✔ 最佳答案
(a) 令 A 為 m×n, 元素為 a(i,j) 的矩陣, x=[x_1,...,x_n]'.
則 l_i 即是 Ax 的第 i 個元素.
dim(span(l_1,...,l_m)) = rank(A).
w in W iff. wAx = 0 for all x iff wA=0, 故
W=(RS(A))^⊥ (RS(A) 的 orthogonal complement).
dim(W)+rank(A) = m, 即 rank(A) = m - dim(W).
N={x in R^n | Ax'=0}, 即 x in N iff. x' in Ker(A),
故 dim(N)+rank(A) = n.
所以,
dim(N) = n - rank(A) = n - (m - dim(W)) = dim(W) + n - m.

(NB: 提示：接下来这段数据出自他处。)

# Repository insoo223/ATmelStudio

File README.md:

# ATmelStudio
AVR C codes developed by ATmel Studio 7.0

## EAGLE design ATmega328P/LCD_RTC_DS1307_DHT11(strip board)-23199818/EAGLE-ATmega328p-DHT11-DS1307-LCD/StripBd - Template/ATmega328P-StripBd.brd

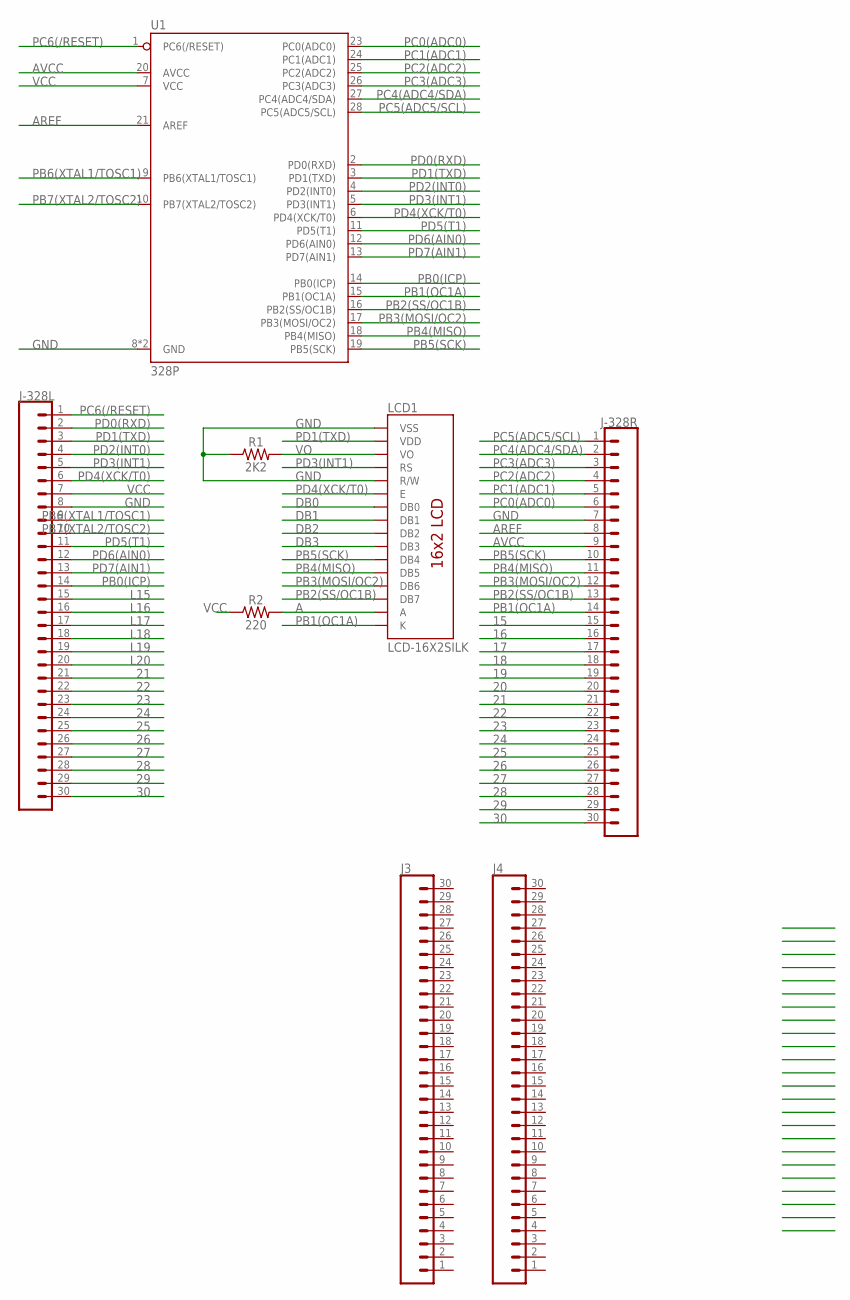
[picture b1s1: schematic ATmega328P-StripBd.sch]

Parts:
J3, J4: CONN_30; 1X30
J-328L, J-328R: CONN_30; 1X30
LCD1: LCD-16X2SILK; LCD-16X2
R1: 2K2; AXIAL-0.3
R2: 220; AXIAL-0.3
U1: 328P; DIP28

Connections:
15: J-328R.15
16: J-328R.16
17: J-328R.17
18: J-328R.18
19: J-328R.19
20: J-328R.20
21: J-328L.21, J-328R.21
22: J-328L.22, J-328R.22
23: J-328L.23, J-328R.23
24: J-328L.24, J-328R.24
25: J-328L.25, J-328R.25
26: J-328L.26, J-328R.26
27: J-328L.27, J-328R.27
28: J-328L.28, J-328R.28
29: J-328L.29, J-328R.29
30: J-328L.30, J-328R.30
A: LCD1.15 (A), R2.P$2 (2)
AREF: J-328R.8, U1.21 (AREF)
AVCC: J-328R.9, U1.20 (AVCC)
DB0: LCD1.7 (DB0)
DB1: LCD1.8 (DB1)
DB2: LCD1.9 (DB2)
DB3: LCD1.10 (DB3)
GND: J-328L.8, J-328R.7, LCD1.1 (VSS), LCD1.5 (R/W), R1.P$1 (1), U1.8 (GND), U1.22 (GND)
L15: J-328L.15
L16: J-328L.16
L17: J-328L.17
L18: J-328L.18
L19: J-328L.19
L20: J-328L.20
PB0(ICP): J-328L.14, U1.14 (PB0(ICP))
PB1(OC1A): J-328R.14, LCD1.16 (K), U1.15 (PB1(OC1A))
PB2(SS/OC1B): J-328R.13, LCD1.14 (DB7), U1.16 (PB2(SS/OC1B))
PB3(MOSI/OC2): J-328R.12, LCD1.13 (DB6), U1.17 (PB3(MOSI/OC2))
PB4(MISO): J-328R.11, LCD1.12 (DB5), U1.18 (PB4(MISO))
PB5(SCK): J-328R.10, LCD1.11 (DB4), U1.19 (PB5(SCK))
PB6(XTAL1/TOSC1): J-328L.9, U1.9 (PB6(XTAL1/TOSC1))
PB7(XTAL2/TOSC2): J-328L.10, U1.10 (PB7(XTAL2/TOSC2))
PC0(ADC0): J-328R.6, U1.23 (PC0(ADC0))
PC1(ADC1): J-328R.5, U1.24 (PC1(ADC1))
PC2(ADC2): J-328R.4, U1.25 (PC2(ADC2))
PC3(ADC3): J-328R.3, U1.26 (PC3(ADC3))
PC4(ADC4/SDA): J-328R.2, U1.27 (PC4(ADC4/SDA))
PC5(ADC5/SCL): J-328R.1, U1.28 (PC5(ADC5/SCL))
PC6(/RESET): J-328L.1, U1.1 (PC6(/RESET))
PD0(RXD): J-328L.2, U1.2 (PD0(RXD))
PD1(TXD): J-328L.3, LCD1.2 (VDD), U1.3 (PD1(TXD))
PD2(INT0): J-328L.4, U1.4 (PD2(INT0))
PD3(INT1): J-328L.5, LCD1.4 (RS), U1.5 (PD3(INT1))
PD4(XCK/T0): J-328L.6, LCD1.6 (E), U1.6 (PD4(XCK/T0))
PD5(T1): J-328L.11, U1.11 (PD5(T1))
PD6(AIN0): J-328L.12, U1.12 (PD6(AIN0))
PD7(AIN1): J-328L.13, U1.13 (PD7(AIN1))
VCC: J-328L.7, R2.P$1 (1), U1.7 (VCC)
VO: LCD1.3 (VO), R1.P$2 (2)

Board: 2 copper layers, 8 parts (0 on the bottom side), 39 nets, no tracks yet.

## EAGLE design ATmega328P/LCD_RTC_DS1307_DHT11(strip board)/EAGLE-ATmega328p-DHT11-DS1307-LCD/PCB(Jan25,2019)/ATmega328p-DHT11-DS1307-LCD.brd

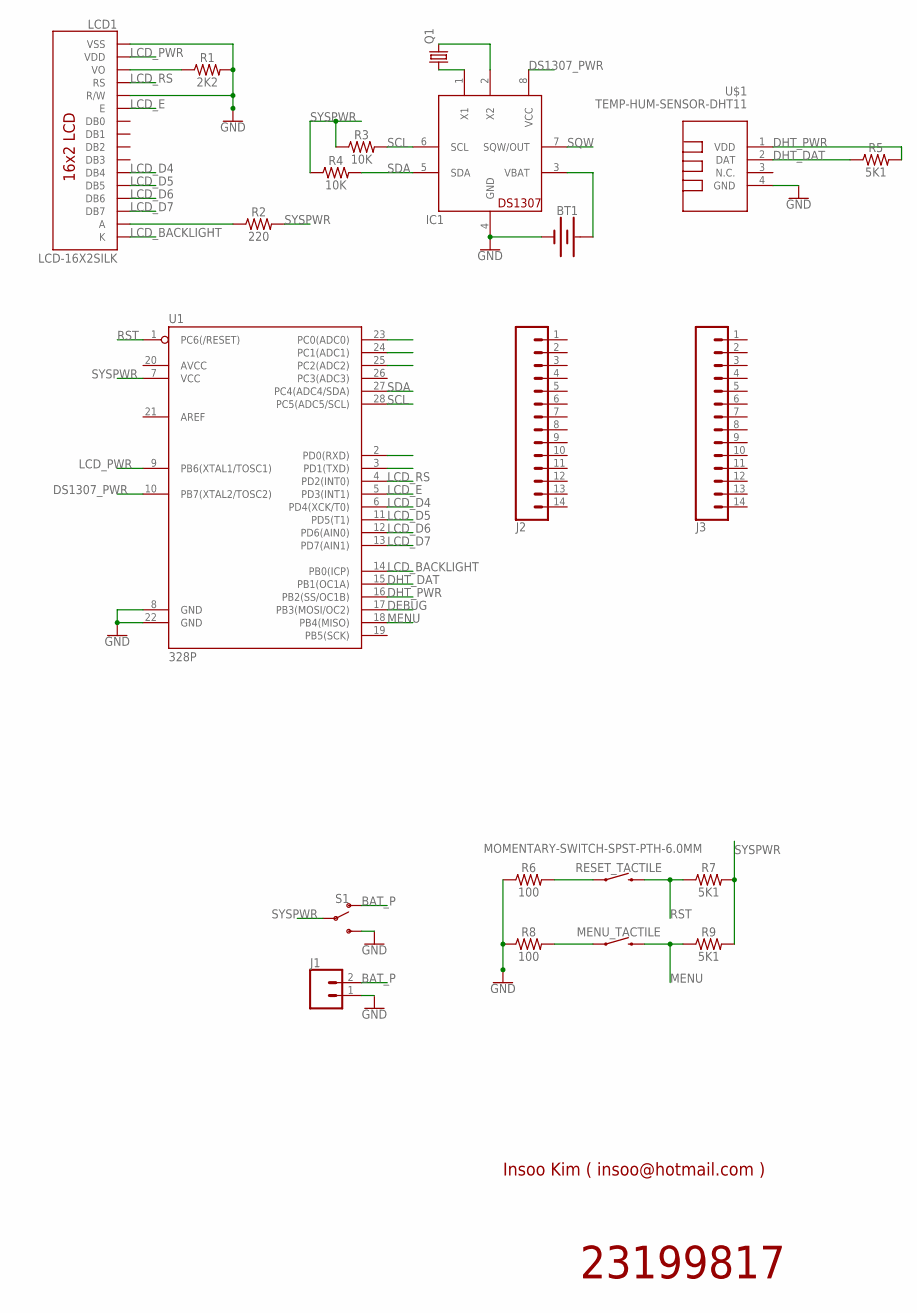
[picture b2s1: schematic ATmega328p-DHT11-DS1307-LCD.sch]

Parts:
BT1: BATTERY-20MM_PTH; BATTCOM_20MM_PTH
IC1: DS1307; DIL08
J1: CONN_02; 1X02
J2, J3: CONN_14; 1X14
LCD1: LCD-16X2SILK; LCD-16X2
MENU_TACTILE: MOMENTARY-SWITCH-SPST-PTH-6.0MM; TACTILE_SWITCH_PTH_6.0MM
Q1: CRYSTALTC26H; TC26H
R1: 2K2; AXIAL-0.3
R2: 220; AXIAL-0.3
R3, R4: 10K; AXIAL-0.3
R5, R7, R9: 5K1; AXIAL-0.3
R6, R8: 100; AXIAL-0.3
RESET_TACTILE: MOMENTARY-SWITCH-SPST-PTH-6.0MM; TACTILE_SWITCH_PTH_6.0MM
S1: SWITCH-SPDT-PTH-11.6X4.0MM; SWITCH_SPDT_PTH_11.6X4.0MM
U1: 328P; DIP28
U$1: TEMP-HUM-SENSOR-DHT11

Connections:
BAT_P: J1.2, S1.1 (O)
DEBUG: U1.17 (PB3(MOSI/OC2))
DHT_DAT: R5.P$1 (1), U1.15 (PB1(OC1A)), U$1.2 (DAT)
DHT_PWR: R5.P$2 (2), U1.16 (PB2(SS/OC1B)), U$1.1 (VDD)
DS1307_PWR: IC1.8 (VCC), U1.10 (PB7(XTAL2/TOSC2))
GND: BT1.2 (-), IC1.4 (GND), J1.1, LCD1.1 (VSS), LCD1.5 (R/W), R1.P$2 (2), R6.P$1 (1), R8.P$1 (1), S1.3 (S), U1.8 (GND), U1.22 (GND), U$1.4 (GND)
LCD_BACKLIGHT: LCD1.16 (K), U1.14 (PB0(ICP))
LCD_D4: LCD1.11 (DB4), U1.6 (PD4(XCK/T0))
LCD_D5: LCD1.12 (DB5), U1.11 (PD5(T1))
LCD_D6: LCD1.13 (DB6), U1.12 (PD6(AIN0))
LCD_D7: LCD1.14 (DB7), U1.13 (PD7(AIN1))
LCD_E: LCD1.6 (E), U1.5 (PD3(INT1))
LCD_PWR: LCD1.2 (VDD), U1.9 (PB6(XTAL1/TOSC1))
LCD_RS: LCD1.4 (RS), U1.4 (PD2(INT0))
MENU: MENU_TACTILE.3 (2), R9.P$1 (1), U1.18 (PB4(MISO))
unnamed: MENU_TACTILE.1, R8.P$2 (2)
unnamed: BT1.1 (+), IC1.3 (VBAT)
unnamed: LCD1.3 (VO), R1.P$1 (1)
unnamed: R6.P$2 (2), RESET_TACTILE.1
unnamed: IC1.1 (X1), Q1.1
unnamed: IC1.2 (X2), Q1.2
unnamed: LCD1.15 (A), R2.P$1 (1)
RST: R7.P$1 (1), RESET_TACTILE.3 (2), U1.1 (PC6(/RESET))
SCL: IC1.6 (SCL), R3.P$2 (2), U1.28 (PC5(ADC5/SCL))
SDA: IC1.5 (SDA), R4.P$2 (2), U1.27 (PC4(ADC4/SDA))
SQW: IC1.7 (SQW/OUT)
SYSPWR: R2.P$2 (2), R3.P$1 (1), R4.P$1 (1), R7.P$2 (2), R9.P$2 (2), S1.2, U1.7 (VCC)

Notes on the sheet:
23199817
Insoo Kim ( insoo@hotmail.com )

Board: 2 copper layers, 21 parts (0 on the bottom side), 25 nets, no tracks yet.

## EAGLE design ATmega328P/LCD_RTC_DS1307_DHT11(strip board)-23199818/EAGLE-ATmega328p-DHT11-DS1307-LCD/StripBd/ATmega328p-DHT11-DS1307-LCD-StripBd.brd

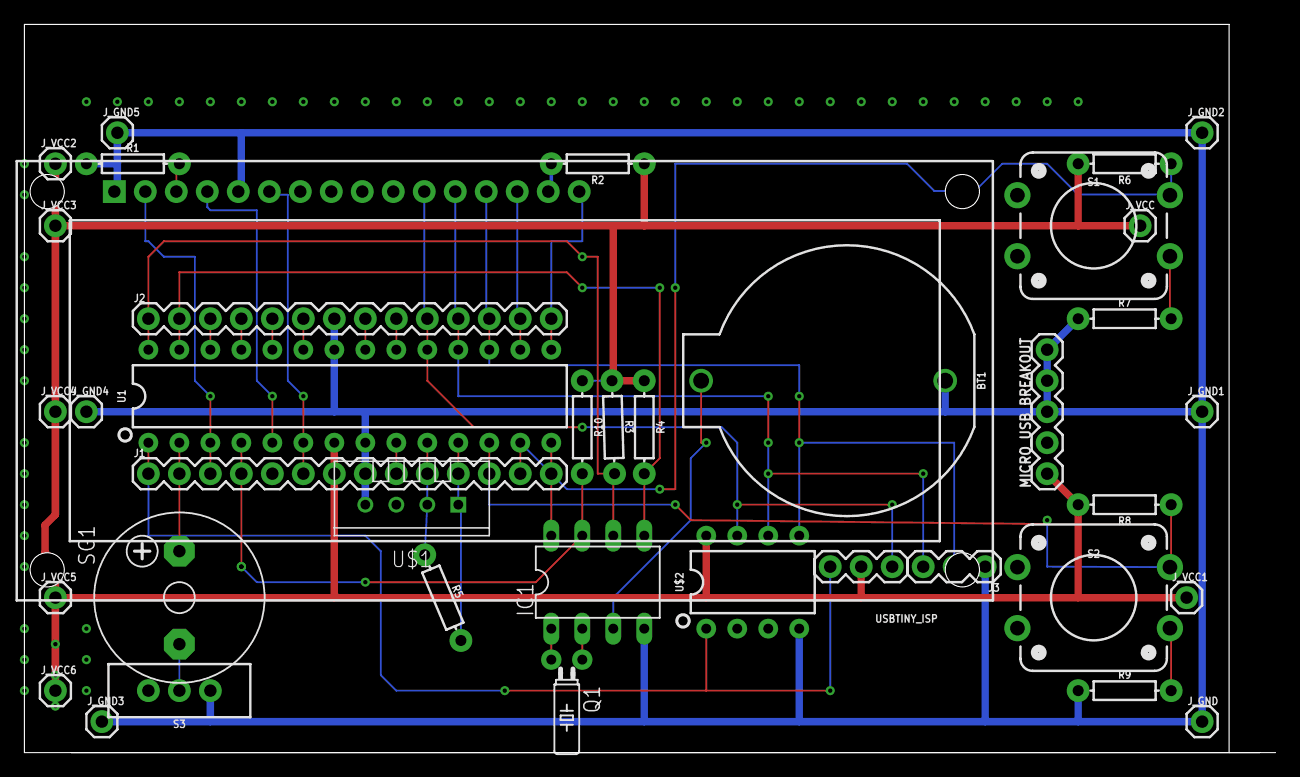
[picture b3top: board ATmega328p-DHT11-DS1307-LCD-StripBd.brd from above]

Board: 2 copper layers, 102.5 x 59.7 mm, 39 parts (0 on the bottom side), 35 nets.

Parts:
BT1: BATTCOM_20MM_PTH
IC1: DS1307; DIL08
J1, J2: 1X14
J3: 455-1750-1-ND; 1X03
J_GND, J_GND1, J_GND2, J_GND3, J_GND4, J_GND5: 1X01
J_VCC, J_VCC1, J_VCC2, J_VCC3, J_VCC4, J_VCC5, J_VCC6: 1X01
LCD1: LCD-16X2SILK; LCD-16X2
MICRO_USB_BREAKOUT: 1X05
Q1: TC26H
R1: 2K2; AXIAL-0.3
R2: 220; AXIAL-0.3
R3, R4, R10: 10K; AXIAL-0.3
R5, R6, R8: 5K1; AXIAL-0.3
R7, R9: 100; AXIAL-0.3
S1, S2: MOMENTARY-SWITCH-SPST-PTH-12MM; TACTILE_SWITCH_PTH_12MM
S3: SWITCH_SPDT_PTH_11.6X4.0MM
SG1: F/CM12P
U1: 328P; DIP28
U$1: TEMP-HUM-SENSOR-DHT11
U$2: ATTINY13DIP; DIP08_MCU
USBTINY_ISP: 455-1750-1-ND; 1X03

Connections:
A: LCD1.15, R2.P$2
AREF: J2.8, U1.21
AVCC: J2.9, U1.20
GND: BT1.2, IC1.4, J1.8, J2.7, J3.1, J_GND.1, J_GND1.1, J_GND2.1, J_GND3.1, J_GND4.1, J_GND5.1, LCD1.1, LCD1.5, MICRO_USB_BREAKOUT.5, R1.P$1, R7.P$1, R9.P$1, S3.3, U1.8, U1.22, U$1.4, U$2.4
unnamed: S3.2, SG1.-
unnamed: R7.P$2, S1.1
unnamed: IC1.2, Q1.1
unnamed: IC1.1, Q1.2
unnamed: R9.P$2, S2.1
unnamed: BT1.1, IC1.3
PB0(ICP): IC1.8, J1.14, U1.14
PB1(OC1A): J2.14, LCD1.16, U1.15
PB2(SS/OC1B): J2.13, LCD1.14, U1.16
PB3(MOSI/OC2)PB0(TINY8): J2.12, J3.2, LCD1.13, U1.17, U$2.5
PB4(MISO)PB1(TINY8): J2.11, J3.3, LCD1.12, U1.18, U$2.6
PB5(SCK)PB2(TINY8): J2.10, LCD1.11, U1.19, U$2.7, USBTINY_ISP.1
PB6(XTAL1/TOSC1): J1.9, U1.9
PB7(XTAL2/TOSC2): J1.10, R5.P$1, U1.10, U$1.2
PC0(ADC0): J2.6, U1.23
PC1(ADC1): J2.5, U1.24
PC2(ADC2): J2.4, U1.25
PC3(ADC3): J2.3, U1.26
PC4(ADC4/SDA): IC1.5, J2.2, R4.P$2, U1.27
PC5(ADC5/SCL): IC1.6, J2.1, R3.P$2, U1.28
PC6(/RESET)PB5(TINY8): J1.1, U1.1, U$2.1, USBTINY_ISP.3
PD0(RXD): J1.2, SG1.+, U1.2
PD1(TXD): J1.3, LCD1.2, U1.3
PD2(INT0): IC1.7, J1.4, R10.P$2, U1.4
PD3(INT1): J1.5, LCD1.4, U1.5
PD4(XCK/T0): J1.6, LCD1.6, U1.6
PD5(T1): J1.11, R5.P$2, U1.11, U$1.1
PD6(AIN0): J1.12, R8.P$1, S2.3, U1.12
PD7(AIN1): J1.13, R6.P$1, S1.3, U1.13
VCC: J1.7, J_VCC.1, J_VCC1.1, J_VCC2.1, J_VCC3.1, J_VCC4.1, J_VCC5.1, J_VCC6.1, MICRO_USB_BREAKOUT.1, R2.P$1, R3.P$1, R4.P$1, R6.P$2, R8.P$2, R10.P$1, U1.7, U$2.8, USBTINY_ISP.2
VO: LCD1.3, R1.P$2

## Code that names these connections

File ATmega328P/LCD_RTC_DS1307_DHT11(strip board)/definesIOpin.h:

/*
 * definesIOpin.h
 *
 Created: 2017-07-16 오전 10:55:47
 
 Author: insoo Kim (insoo@hotmail.com)
 
 Updated :
	Jan 28, 2019: Pin re-assigned for strip board implementation. Wired based on pins vicinity.

 */ 


#ifndef definesIOpin_H_
#define definesIOpin_H_

/**** MCU PIN assignment *******************
datasheet: Ch.
***********************************/

/*--- strip board PIN ASSIGNMENTS since Jan 28, 2019

ATmega328p	LCD		DS1307		DHT11	TACTILE_SW	BUZZER
PB0					VCC
PB1			K
PB2			D7
PB3			D6
PB4			D5
PB5			D4
PB6
PB7								DAT(SIG)

PD0													BUZ_PLUS
PD1			VDD
PD2					SQW
PD3			RS
PD4			E
PD5								VCC
PD6										SW1
PD7										SW2

PC0
PC1
PC2
PC3
PC4
PC5
PC6
--------------------------------------------------------*/

//------ LCD (Character 2 by 8) pin assignments 
// LCD interface (should agree with the diagram in LCD.c)
// make sure that the LCD RW pin is connected to GND

//added by Insoo (Jul 11, 2017)
#define lcd_VDD_port     PORTD      // lcd Vdd (Power supply) pin
#define lcd_VDD_bit      PORTD1 // From PORTB6 updated on Jan 28, 2019
#define lcd_VDD_ddr      DDRD

#define lcd_RS_port     PORTD       // lcd Register Select pin
#define lcd_RS_bit      PORTD3 // From 2 updated on Jan 28, 2019
#define lcd_RS_ddr      DDRD

#define lcd_E_port      PORTD                   // lcd Enable pin
#define lcd_E_bit       PORTD4 // From 3 updated on Jan 28, 2019
#define lcd_E_ddr       DDRD

#define lcd_D4_port     PORTB                   // lcd D4 connection
#define lcd_D4_bit      PORTB5 // From PORTD4 updated on Jan 28, 2019
#define lcd_D4_ddr      DDRB

#define lcd_D5_port     PORTB                   // lcd D5 connection
#define lcd_D5_bit      PORTB4 // From PORTD5 updated on Jan 28, 2019
#define lcd_D5_ddr      DDRB

#define lcd_D6_port     PORTB                   // lcd D6 connection
#define lcd_D6_bit      PORTB3 // From PORTD6 updated on Jan 28, 2019
#define lcd_D6_ddr      DDRB

#define lcd_D7_port     PORTB                   // lcd D7 connection
#define lcd_D7_bit      PORTB2 // From PORTD7 updated on Jan 28, 2019
#define lcd_D7_ddr      DDRB

#define lcd_Backlight_port PORTB
#define lcd_Backlight_bit  PORTB1 // From PORTB0 updated on Jan 28, 2019
									// LCD K pin, active low
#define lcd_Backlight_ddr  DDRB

(b) 取 V 的一 subdpace Z 使 V 為 Z 與 span(S) 的 direct sum.
所有 v in V 有唯一方式表示為 v = z + x where z in Z and x in span(S).
故,
U_S = {T in L(V,W) | T(z+x) = T(z) for all z in Z, x in span(S)}
則
dim(U_S) = dim(Z).dim(W) = (dim(V)-dim(span(S))).dim(W)
= (dim(V) - d).dim(W).
2011-05-24 01:17:03 補充:
想問為什麼
U_S = {T in L(V,W) | T(z+x) = T(z) for all z in Z, x in span(S)}之後
為什麼dim(U_S)會等於dim(Z).dim(W)?
因為 T 把 Z 的元素映至 W 並無額外限制.
就像 L(V,W) 的 dimension 是 dim(V).dim(W),
所以 dim(U_S) = dim(Z).dim(W).
2011-05-28 03:15:48 補充:
舉個例子: F=R, V=R^3, W=R^1, S={(0,1,0),(0,0,1)}, 故 d=2.
T(v)=0 for all v in S, 則 T((x,y,z)) = kx, for any (x,y,z) in V, for some k in R.
所以
Us = { T | T(x,y,z) = kx for all (x,y,z) in V }
的 dimension 是 1 = (3-2)*1 而不是 3*1-2^2=-1.